The function learning_curve() allows to show the presision dependence on the training objects amount. It takes algorithm, targets, data and the proportion with witch we want to be trained.

Wit the learning_curve() method several models will be built, we get quality metric (scoring) for each one. And the method will return us the size of train set, quality scoring on train and on test.

Having those data we may ananlyse how the model quality changes/depends on the train set size.

train_sizes, train_scores, test_scores = model_selection.learning_curve(
rf_classifier_low_depth, bioresponce_data, bioresponce_target,                                                                        train_sizes=np.arange(0.1,1., 0.2), 
cv=3, scoring="accuracy")

np.arange(0.1, 1., 0.2) # [0.1, 0.3, 0.5, 0.7, 0.9]

print(train_sizes)
# we take mean for all CV folds.
print(train_scores.mean(axis = 1))
print(test_scores.mean(axis = 1))

[ 250 750 1250 1750 2250 ]
[0.74933333 0.71333333 0.68453333 0.69104762 0.69022222]
[0.62356685 0.64195598 0.65369955 0.66248974 0.66728527]

Now we build the dependence graphs:

pylab.grid(True)
pylab.plot(train_sizes, train_scores.mean(axis = 1), "g-", marker="o", label="train")
pylab.plot(train_sizes, test_scores.mean(axis = 1), "r-", marker="o", label="test")
pylab.ylim((0.0, 1.05))
pylab.legend(loc="lower right")

The conclusion of those data

The further growth of train set size (over 2250 items) will not influence the model quality.

Learning curves for trees of greater depth

We’ll try to increase the model difficulty, this might increase its quality metrics. Let’s set max_depth = 10.

rf_classifier = ensemble.RandomForestClassifier(
n_estimators = 50, max_depth = 10, random_state = 1)

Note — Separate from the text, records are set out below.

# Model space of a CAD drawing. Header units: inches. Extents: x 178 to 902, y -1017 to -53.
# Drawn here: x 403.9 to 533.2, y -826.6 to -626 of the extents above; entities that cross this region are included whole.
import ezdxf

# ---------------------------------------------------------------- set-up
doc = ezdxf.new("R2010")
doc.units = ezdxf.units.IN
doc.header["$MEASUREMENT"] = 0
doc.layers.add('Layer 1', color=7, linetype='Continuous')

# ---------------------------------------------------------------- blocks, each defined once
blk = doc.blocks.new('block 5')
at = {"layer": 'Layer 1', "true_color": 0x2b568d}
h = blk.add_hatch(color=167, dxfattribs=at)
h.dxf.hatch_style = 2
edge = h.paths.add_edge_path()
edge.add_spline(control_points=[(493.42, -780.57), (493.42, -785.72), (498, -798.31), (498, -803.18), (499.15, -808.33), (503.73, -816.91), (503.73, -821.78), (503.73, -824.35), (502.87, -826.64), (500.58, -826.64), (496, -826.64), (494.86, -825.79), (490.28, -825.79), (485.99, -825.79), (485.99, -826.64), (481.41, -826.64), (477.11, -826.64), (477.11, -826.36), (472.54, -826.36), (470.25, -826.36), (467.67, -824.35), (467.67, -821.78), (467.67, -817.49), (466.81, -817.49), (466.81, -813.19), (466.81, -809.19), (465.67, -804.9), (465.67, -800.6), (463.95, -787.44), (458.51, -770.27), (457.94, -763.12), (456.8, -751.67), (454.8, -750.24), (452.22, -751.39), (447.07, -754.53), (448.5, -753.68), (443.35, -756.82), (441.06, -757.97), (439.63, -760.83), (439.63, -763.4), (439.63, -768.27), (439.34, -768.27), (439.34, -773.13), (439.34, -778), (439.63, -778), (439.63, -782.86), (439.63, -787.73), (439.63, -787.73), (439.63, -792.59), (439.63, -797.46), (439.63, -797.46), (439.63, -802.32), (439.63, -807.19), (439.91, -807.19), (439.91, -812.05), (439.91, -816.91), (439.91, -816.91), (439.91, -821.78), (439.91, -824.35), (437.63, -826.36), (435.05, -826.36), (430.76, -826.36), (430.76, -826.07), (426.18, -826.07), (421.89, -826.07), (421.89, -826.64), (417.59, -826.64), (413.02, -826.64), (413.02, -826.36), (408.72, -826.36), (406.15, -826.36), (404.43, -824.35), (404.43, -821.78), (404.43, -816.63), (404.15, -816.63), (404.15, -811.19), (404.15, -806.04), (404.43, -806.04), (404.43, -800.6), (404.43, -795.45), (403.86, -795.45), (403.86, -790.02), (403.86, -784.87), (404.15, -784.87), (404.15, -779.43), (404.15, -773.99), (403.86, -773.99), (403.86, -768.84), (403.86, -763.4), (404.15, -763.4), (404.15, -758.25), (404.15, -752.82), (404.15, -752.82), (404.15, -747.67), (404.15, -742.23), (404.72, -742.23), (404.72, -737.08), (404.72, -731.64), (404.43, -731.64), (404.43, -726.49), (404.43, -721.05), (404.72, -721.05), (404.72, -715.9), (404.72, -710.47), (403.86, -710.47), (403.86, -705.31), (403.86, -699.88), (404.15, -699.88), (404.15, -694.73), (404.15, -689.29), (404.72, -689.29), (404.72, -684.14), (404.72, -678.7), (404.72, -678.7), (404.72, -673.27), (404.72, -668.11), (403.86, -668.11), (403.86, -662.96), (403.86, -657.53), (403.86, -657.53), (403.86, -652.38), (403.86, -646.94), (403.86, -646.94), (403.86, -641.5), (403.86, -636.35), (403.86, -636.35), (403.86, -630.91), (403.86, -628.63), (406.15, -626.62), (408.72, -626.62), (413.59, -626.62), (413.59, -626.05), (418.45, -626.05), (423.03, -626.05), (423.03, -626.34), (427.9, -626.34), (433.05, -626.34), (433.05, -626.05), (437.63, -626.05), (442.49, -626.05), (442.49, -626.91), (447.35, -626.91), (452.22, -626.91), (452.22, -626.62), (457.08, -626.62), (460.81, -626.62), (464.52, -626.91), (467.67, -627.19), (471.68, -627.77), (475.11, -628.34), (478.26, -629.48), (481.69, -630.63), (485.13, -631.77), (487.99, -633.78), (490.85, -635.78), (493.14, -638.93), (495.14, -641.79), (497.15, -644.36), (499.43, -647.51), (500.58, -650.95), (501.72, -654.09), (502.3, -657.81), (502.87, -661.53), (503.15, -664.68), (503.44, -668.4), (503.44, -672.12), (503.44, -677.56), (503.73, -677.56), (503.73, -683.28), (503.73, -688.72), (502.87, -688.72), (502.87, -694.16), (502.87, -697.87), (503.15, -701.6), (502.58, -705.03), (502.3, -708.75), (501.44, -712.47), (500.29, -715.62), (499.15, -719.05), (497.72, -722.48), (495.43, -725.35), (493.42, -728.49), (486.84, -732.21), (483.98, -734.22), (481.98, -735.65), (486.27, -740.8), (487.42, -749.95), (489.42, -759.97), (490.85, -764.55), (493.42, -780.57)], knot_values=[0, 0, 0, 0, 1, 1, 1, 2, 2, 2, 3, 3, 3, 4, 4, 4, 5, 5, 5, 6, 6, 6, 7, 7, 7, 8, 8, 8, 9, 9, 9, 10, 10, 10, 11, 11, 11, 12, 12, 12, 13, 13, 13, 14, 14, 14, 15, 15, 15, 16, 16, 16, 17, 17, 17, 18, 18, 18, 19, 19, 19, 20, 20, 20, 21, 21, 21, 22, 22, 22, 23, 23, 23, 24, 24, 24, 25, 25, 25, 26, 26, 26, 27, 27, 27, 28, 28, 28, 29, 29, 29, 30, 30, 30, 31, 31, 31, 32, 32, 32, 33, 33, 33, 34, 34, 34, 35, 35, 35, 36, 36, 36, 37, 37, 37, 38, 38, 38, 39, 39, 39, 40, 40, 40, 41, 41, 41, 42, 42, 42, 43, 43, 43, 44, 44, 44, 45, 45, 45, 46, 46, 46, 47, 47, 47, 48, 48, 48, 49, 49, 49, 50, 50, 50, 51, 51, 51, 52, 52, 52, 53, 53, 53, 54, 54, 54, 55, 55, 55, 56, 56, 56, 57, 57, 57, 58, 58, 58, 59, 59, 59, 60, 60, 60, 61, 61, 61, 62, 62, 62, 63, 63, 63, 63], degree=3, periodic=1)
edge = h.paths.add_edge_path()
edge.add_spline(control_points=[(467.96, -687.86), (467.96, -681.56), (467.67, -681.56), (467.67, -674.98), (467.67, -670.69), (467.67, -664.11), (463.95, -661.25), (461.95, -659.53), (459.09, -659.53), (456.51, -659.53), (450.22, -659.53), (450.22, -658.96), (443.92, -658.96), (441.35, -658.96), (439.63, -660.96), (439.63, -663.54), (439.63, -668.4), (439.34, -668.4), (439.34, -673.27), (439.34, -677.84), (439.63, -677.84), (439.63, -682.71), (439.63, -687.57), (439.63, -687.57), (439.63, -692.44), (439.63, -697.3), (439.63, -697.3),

train_sizes, train_scores, test_scores = 
model_selection.learning_curve(rf_classifier,
 bioresponce_data, bioresponce_target, 
 train_sizes=np.arange(0.1,1, 0.2), 
cv=3, scoring="accuracy")

pylab.grid(True)
pylab.plot(train_sizes, train_scores.mean(axis = 1), "g-", marker="o", label="train")
pylab.plot(train_sizes, test_scores.mean(axis = 1), "r-", marker="o", label="test")
pylab.ylim((0.0, 1.05))
pylab.legend(loc="lower right")

The conclusion for the model of higher complexity

The growth of train set indeed positively influences the model quality.